Great vid. Also thats one heck of a set up on the tuna tubes on the transom. Nice work.


----------



## Capt. Myles Colley (Mar 12, 2008)

The tuna were 120 & 150. Alex did a great job wiring the blue marlin.


----------



## whome (Oct 2, 2007)

What the video doesn't show is the way Myles Handled the boat to keep the fish from getting into the rig.

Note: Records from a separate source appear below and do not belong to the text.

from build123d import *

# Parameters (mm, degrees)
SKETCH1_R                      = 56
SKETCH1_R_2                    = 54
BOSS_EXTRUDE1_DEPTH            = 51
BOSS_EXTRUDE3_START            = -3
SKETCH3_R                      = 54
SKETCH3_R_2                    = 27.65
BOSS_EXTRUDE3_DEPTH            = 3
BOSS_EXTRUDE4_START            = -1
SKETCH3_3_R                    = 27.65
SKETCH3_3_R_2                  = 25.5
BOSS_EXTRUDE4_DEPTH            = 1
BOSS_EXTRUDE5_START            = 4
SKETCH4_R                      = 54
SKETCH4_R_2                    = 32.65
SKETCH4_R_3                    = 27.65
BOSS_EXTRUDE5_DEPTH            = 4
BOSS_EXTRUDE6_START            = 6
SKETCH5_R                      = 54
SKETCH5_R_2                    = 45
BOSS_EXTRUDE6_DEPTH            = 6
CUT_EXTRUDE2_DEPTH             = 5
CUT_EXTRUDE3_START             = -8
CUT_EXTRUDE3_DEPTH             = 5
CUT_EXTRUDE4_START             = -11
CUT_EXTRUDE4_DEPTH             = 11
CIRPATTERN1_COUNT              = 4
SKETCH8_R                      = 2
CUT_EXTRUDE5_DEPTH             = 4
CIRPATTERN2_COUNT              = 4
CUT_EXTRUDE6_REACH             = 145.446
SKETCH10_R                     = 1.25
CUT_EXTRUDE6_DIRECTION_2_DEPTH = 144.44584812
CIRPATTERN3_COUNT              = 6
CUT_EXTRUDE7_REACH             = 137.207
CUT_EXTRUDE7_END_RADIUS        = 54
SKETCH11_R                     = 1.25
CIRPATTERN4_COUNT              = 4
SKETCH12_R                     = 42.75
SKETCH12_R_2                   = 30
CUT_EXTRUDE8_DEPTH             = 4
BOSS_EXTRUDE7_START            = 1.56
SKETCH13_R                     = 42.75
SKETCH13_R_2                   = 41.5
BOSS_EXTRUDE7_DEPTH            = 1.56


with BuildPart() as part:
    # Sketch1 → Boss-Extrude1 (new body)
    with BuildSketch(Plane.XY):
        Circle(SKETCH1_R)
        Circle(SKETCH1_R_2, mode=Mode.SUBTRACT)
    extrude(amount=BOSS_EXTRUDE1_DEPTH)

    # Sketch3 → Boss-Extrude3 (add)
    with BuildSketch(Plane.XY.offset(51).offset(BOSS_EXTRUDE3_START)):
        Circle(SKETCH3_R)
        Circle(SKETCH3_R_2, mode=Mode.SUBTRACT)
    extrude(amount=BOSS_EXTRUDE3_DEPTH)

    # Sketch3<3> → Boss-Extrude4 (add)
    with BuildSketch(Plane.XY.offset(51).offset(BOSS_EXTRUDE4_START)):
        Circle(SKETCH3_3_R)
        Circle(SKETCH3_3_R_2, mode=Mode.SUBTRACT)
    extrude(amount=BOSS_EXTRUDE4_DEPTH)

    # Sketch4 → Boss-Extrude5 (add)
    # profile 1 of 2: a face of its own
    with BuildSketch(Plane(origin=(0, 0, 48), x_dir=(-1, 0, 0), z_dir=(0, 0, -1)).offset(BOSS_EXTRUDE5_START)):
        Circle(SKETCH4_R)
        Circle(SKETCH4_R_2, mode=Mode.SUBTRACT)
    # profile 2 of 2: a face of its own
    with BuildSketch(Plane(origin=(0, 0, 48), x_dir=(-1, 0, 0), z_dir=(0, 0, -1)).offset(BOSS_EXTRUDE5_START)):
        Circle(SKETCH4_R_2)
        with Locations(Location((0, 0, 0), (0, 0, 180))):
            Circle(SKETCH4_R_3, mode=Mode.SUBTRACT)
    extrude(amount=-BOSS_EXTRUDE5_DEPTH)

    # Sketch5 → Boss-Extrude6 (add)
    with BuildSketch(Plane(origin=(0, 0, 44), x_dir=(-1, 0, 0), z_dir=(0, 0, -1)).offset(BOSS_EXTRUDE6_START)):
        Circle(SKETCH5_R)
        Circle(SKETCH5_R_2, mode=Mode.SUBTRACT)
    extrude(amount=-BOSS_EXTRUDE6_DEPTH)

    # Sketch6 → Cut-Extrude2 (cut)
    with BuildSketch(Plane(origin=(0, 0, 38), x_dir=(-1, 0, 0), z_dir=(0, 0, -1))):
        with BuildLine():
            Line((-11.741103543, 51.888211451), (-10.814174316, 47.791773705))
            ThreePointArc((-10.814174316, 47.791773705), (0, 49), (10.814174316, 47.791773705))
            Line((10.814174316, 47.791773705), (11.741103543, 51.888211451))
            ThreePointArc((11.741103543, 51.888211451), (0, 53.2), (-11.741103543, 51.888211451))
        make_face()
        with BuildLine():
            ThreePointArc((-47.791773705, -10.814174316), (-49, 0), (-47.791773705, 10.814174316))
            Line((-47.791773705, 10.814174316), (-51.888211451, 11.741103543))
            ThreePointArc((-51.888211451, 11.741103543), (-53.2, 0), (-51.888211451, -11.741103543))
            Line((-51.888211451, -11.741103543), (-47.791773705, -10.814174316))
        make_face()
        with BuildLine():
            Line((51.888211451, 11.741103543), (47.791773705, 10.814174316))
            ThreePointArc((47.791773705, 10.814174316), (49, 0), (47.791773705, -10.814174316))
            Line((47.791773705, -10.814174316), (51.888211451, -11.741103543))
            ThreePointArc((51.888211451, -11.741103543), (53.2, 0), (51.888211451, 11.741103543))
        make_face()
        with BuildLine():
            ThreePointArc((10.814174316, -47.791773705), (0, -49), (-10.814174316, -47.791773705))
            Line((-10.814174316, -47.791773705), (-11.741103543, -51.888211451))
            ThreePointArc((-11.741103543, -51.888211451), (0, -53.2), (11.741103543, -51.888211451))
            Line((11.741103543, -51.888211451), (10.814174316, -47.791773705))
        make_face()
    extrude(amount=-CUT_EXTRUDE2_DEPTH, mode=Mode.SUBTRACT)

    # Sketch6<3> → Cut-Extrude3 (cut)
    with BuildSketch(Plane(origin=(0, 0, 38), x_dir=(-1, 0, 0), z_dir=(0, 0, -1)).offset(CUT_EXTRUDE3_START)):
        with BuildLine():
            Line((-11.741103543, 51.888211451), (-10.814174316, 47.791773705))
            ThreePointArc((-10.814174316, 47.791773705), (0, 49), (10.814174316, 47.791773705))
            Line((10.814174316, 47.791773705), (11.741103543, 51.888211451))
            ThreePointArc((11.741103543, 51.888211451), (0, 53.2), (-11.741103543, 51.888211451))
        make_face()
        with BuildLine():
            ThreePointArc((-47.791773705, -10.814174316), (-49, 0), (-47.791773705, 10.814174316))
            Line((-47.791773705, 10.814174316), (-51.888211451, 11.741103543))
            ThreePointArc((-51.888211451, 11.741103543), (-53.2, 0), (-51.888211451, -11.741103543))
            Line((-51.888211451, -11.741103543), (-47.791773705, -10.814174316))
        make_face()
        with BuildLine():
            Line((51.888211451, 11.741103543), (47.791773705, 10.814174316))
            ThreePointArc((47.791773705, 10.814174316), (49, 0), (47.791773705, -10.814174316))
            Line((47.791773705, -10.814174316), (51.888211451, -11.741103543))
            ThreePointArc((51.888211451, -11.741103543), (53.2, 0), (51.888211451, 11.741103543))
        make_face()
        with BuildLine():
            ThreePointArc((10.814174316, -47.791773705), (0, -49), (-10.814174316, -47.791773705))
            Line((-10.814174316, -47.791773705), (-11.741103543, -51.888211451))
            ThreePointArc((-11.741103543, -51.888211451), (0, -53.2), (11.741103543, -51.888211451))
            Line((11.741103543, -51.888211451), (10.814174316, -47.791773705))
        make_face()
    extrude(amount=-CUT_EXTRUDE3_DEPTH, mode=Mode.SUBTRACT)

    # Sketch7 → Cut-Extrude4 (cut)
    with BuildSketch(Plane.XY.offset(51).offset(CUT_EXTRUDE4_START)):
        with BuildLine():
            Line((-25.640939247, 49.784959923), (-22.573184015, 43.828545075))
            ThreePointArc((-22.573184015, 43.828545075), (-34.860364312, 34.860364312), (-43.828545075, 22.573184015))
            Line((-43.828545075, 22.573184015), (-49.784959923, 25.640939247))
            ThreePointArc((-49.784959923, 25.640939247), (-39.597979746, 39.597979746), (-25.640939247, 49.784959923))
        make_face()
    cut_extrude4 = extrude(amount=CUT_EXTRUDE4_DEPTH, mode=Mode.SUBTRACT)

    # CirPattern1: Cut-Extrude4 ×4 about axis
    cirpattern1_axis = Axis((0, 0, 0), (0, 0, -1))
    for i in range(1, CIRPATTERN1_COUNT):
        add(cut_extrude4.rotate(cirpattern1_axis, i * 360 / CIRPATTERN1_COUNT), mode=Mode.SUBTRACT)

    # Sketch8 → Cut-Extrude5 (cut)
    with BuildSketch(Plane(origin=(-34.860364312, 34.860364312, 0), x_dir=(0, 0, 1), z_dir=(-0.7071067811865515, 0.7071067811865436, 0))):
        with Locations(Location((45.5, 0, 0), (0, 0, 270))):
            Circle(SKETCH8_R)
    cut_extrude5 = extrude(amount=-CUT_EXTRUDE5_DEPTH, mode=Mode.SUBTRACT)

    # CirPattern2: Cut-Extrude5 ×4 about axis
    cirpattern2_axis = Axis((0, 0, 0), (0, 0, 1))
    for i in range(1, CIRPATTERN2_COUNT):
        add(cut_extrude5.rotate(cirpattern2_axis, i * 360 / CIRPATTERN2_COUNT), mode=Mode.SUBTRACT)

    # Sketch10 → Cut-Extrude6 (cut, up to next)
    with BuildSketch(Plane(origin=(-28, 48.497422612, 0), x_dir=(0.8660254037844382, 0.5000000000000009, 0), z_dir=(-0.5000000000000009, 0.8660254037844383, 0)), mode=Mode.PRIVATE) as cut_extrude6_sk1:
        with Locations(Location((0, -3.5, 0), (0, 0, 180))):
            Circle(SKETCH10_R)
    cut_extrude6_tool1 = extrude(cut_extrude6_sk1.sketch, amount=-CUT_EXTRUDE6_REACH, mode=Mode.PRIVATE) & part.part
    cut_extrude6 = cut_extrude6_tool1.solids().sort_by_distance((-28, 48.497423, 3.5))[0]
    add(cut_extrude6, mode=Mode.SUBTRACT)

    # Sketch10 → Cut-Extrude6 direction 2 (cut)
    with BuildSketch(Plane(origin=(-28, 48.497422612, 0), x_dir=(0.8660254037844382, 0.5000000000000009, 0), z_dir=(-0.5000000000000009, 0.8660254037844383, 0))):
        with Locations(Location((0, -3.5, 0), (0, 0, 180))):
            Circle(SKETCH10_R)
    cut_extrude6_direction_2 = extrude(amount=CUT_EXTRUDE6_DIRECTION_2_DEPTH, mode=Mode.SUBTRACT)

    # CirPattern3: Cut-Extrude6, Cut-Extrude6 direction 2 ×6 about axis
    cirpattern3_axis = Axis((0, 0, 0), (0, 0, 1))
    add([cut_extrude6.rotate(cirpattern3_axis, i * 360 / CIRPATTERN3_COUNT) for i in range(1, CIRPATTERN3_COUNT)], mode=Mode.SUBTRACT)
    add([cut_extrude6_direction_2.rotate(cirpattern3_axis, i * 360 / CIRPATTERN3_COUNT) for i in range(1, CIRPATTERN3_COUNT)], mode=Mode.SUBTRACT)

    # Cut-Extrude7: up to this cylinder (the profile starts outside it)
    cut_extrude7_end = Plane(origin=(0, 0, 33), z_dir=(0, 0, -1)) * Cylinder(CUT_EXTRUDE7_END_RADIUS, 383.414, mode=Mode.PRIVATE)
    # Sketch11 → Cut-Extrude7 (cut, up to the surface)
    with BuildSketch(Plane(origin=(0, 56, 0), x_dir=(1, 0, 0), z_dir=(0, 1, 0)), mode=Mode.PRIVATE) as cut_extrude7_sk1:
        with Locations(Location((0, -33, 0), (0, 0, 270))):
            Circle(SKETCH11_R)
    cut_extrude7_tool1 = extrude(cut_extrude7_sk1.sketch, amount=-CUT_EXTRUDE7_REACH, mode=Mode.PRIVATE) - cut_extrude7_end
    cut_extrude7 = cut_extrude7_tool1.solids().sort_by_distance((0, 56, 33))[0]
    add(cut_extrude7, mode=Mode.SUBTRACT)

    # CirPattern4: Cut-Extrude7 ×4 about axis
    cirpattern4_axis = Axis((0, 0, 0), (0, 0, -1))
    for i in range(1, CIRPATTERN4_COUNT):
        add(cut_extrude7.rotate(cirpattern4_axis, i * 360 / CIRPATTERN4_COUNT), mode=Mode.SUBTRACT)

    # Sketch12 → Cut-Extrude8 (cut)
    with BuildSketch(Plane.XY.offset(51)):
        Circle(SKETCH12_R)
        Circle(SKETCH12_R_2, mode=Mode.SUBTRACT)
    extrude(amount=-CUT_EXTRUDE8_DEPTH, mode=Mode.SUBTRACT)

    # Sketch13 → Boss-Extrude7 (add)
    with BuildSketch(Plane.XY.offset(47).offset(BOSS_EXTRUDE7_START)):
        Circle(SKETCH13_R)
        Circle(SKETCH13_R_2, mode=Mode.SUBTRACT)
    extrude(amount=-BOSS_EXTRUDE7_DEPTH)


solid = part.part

All I can say is wow...you had to be there to believe it...:bowdown


----------



## -=Desperado=- (Jun 19, 2009)

nice video.the tubes across the transom are bad ass.are they a custom job or did they come with the boat?if all custom who did it?


----------



## fisheye48 (Sep 28, 2007)

> *i ?!u?d ?uop (7/29/2009)*nice video.the tubes across the transom are bad ass.are they a custom job or did they come with the boat?if all custom who did it?


i may be wrong and if i am myles will correct me but i think Viking did them


----------



## Xiphius (Oct 10, 2007)

Holy crap you guys crushed em..stud hoo, two pigs and a nice blue best fishing trip! Way to go..


----------



## Capt. Myles Colley (Mar 12, 2008)

The tuna tubes were done by viking. We had them put in a 2hp swimming pool pump. They work very well we keep bonito alivefor about 12hrs.


----------



## Ocean Master (May 20, 2008)

Great shooting on the video and the gaff...!

Keith Rawson


----------



## -=Desperado=- (Jun 19, 2009)

> *Capt. Myles Colley (7/29/2009)*The tuna tubes were done by viking. We had them put in a 2hp swimming pool pump. They work very well we keep bonito alivefor about 12hrs.




free lining a bonita back to a hungry blue has got to be the ultimate and than watching them eat.first thing im gonna have installed on the new boat.


----------



## masher (Oct 30, 2007)

That was awesome guys. Good job Pinneys.


----------



## HaterAide (Nov 9, 2007)

> *i ?!u?d ?uop (7/29/2009)*first thing im gonna have installed on the new boat.



Lol.


----------



## HaterAide (Nov 9, 2007)

> *i ?!u?d ?uop (7/29/2009)*the tubes across the transom are bad ass.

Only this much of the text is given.